While you can do all of that with plain pg and having no indexes and doing table-scans, it will be slow when you search (depends on how often you need to search and type of queries).
So es is very good at some stuff compared to every other type of db. For logging, yeah, there are some companies who just do full-scan on each query and are fine.
but you can have indexes in pg..
Rendering HTML will, however, tend to be faster than having a client parse and interpret JSON, and then manipulate the (shadow) DOM accordingly.
And then it always felt wrong to me that I have to force countless clients to do the exact same view transformations, which could have been done once, on the server, and cached.
For a new project, I'm prerendering HTML fragments via AJAX with IntercoolerJS - it's a pleasure to work with, and the developer and user get both the best experience of those two worlds: A dynamic, blazingly fast UI that feels like an SPA, but degrades gracefully even for the Emacs-w3m user and Googlebot.

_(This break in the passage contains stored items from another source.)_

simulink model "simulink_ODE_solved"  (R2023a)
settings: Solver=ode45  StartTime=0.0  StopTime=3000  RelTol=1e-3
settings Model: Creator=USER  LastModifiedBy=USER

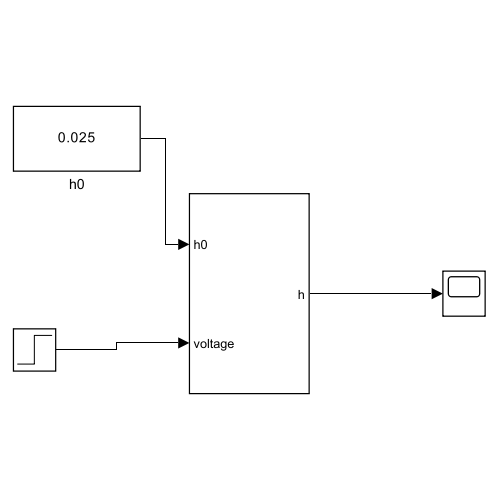
[thumbnail: Simulink's stored preview of the top-level diagram]
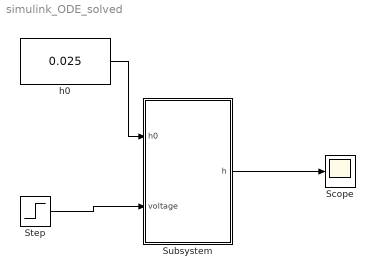
== system simulink_ODE_solved ==
  Scope : Scope
  Step : Step  Time=0  After=5  SampleTime=0.01
  Subsystem : Subsystem
  h0 : Constant  Value=0.025
  wires:
  h0/1 -> Subsystem/1(h0)
  Step/1 -> Subsystem/2(voltage)
  Subsystem/1(h) -> Scope/1

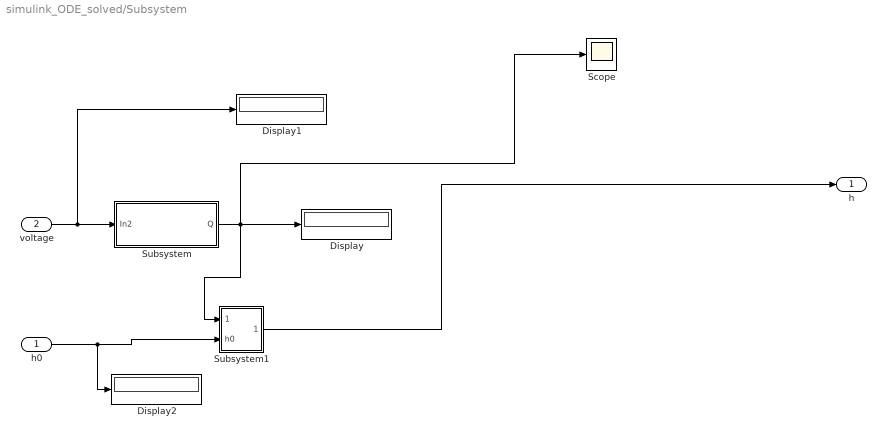
== system simulink_ODE_solved/Subsystem ==
  h0 : Inport
  voltage : Inport  Port=2
  Display : Display
  Display1 : Display
  Display2 : Display
  Scope : Scope
  Subsystem : Subsystem
  Subsystem1 : Subsystem
  h : Outport
  wires:
  Subsystem/1(Q) -> Scope/1, Subsystem1/1(In1), Display/1
  h0/1 -> Display2/1, Subsystem1/2(h0)
  Subsystem1/1(Out1) -> h/1
  voltage/1 -> Display1/1, Subsystem/1(In2)

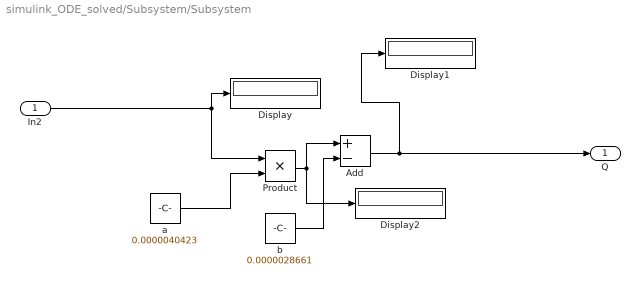
== system simulink_ODE_solved/Subsystem/Subsystem ==
  In2 : Inport
  Add : Sum  Inputs=+-
  Display : Display
  Display1 : Display
  Display2 : Display
  Product : Product
  a : Constant  Value=0.0000040423
  b : Constant  Value=0.0000028661
  Q : Outport
  wires:
  a/1 -> Product/2
  Product/1 -> Add/1, Display2/1
  b/1 -> Add/2
  Add/1 -> Display1/1, Q/1
  In2/1 -> Product/1, Display/1

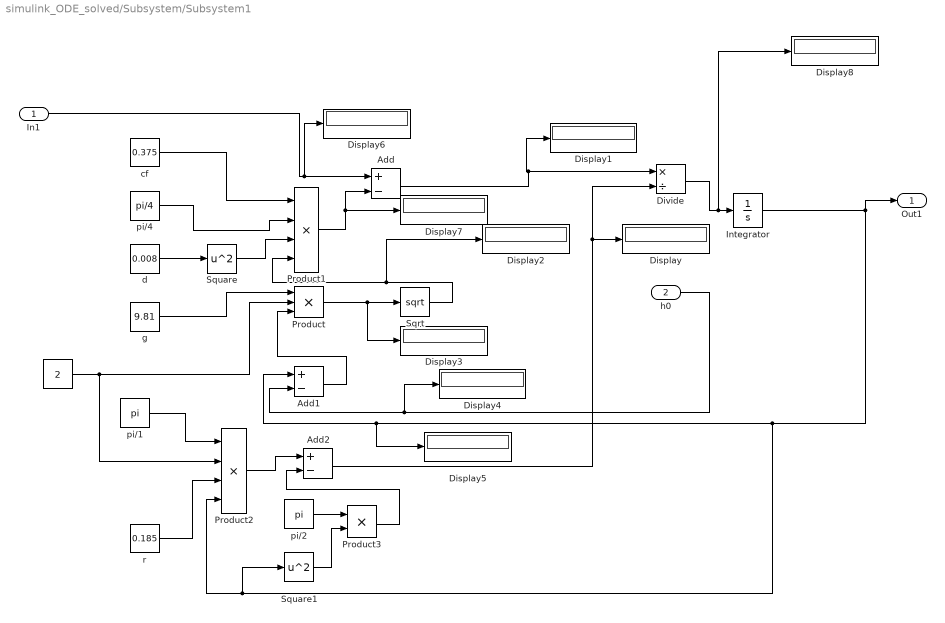
== system simulink_ODE_solved/Subsystem/Subsystem1 ==
  In1 : Inport
  h0 : Inport  Port=2
  " " : Constant  Value=2
  Add : Sum  Inputs=+-
  Add1 : Sum  Inputs=+-
  Add2 : Sum  Inputs=+-
  Display{,1..8} (9 alike) : Display
  Divide : Product  Inputs=*/
  Integrator : Integrator  InitialCondition=0.025
  Product : Product  Inputs=3
  Product1 : Product  Inputs=4
  Product2 : Product  Inputs=4
  Product3 : Product
  Sqrt : Sqrt
  Square : Math  Operator=square
  Square1 : Math  Operator=square
  cf : Constant  Value=0.375
  d : Constant  Value=0.008
  g : Constant  Value=9.81
  pi/1 : Constant  Value=pi
  pi/2 : Constant  Value=pi
  pi/4 : Constant  Value=pi/4
  r : Constant  Value=0.185
  Out1 : Outport
  wires:
  pi/1/1 -> Product2/1
  Add1/1 -> Product/3
  Product1/1 -> Display7/1, Add/2
  Divide/1 -> Display8/1, Integrator/1
  Product3/1 -> Add2/2
  " "/1 -> Product2/2, Product/2
  cf/1 -> Product1/1
  r/1 -> Product2/3
  Sqrt/1 -> Display2/1, Product1/4
  Square/1 -> Product1/3
  Product2/1 -> Add2/1
  pi/4/1 -> Product1/2
  h0/1 -> Display4/1, Add1/2
  g/1 -> Product/1
  d/1 -> Square/1
  Product/1 -> Display3/1, Sqrt/1
  Add/1 -> Divide/1, Display1/1
  Square1/1 -> Product3/2
  In1/1 -> Add/1, Display6/1
  pi/2/1 -> Product3/1
  Add2/1 -> Display/1, Divide/2
  Integrator/1 -> Out1/1, Product2/4, Square1/1, Display5/1, Add1/1

I also found it's really worth it to move servers or reverse proxies closer to the client - independent of client/server rendering. Users shouldn't wait more than 200ms for an Ajax request to finish.
They were the ones who insisted I use tableau, I had originally planned and suggested a nice server-side rendered dashboard that they could have used on any grade of laptop, but no they wanted something _right now_ and any kind of proper solution was simply "too hard".
The real irony being that they'll waste more time doing and redoing these excel reports every time they want one of these reports than it would have taken me and my teammate to build a solution for them.
Fun fact: We actually started out with elasticsearch-head, but realized it was really hard to hack on (this was ~2y ago) and decided to create Dejavu. Imo, the key difference is we have focused a lot on how to get the data indexed (mappings, bring your CSV/JSON files) and have the raw data visualized (via UI based filters or DSL queries).
So less so "missing" UI and more "outdated" UI.
I personally like Kibana but I am happy to see some innovation in the space. Competition can only help.
I love that this can be run as a Docker container or as a Chrome extension. With the quick setup I'll probably give it a try. It looks nice.
Kibana is more for dashboarding and visualization, Dejavu gives you control of the raw data views and indexing operations.
I'm not sure if this is actually accurate:
On a cursory look, it still seems to use a Node.JS based server . One of the key side effects of needing a server is that there is a more involved distribution + installation process. You just can't run it on a static server like github pages or as a browser extension.
Is websockets a requirement just for the real-time updates, or for the entire UI?
Edit: We need to update the GIFs and screenshots - the app has come along much UI/Ux wise since these were originally taken.
You might say I had a case of, ah, never mind, bad pun.
On a serious note, I understand there's only a finite number of words, but a limitless number of software project - and yet surely there are still enough names that aren't used for something well-known and widely used. Yes, the DJVU and Dejavu are spelled differently, but it is the same word.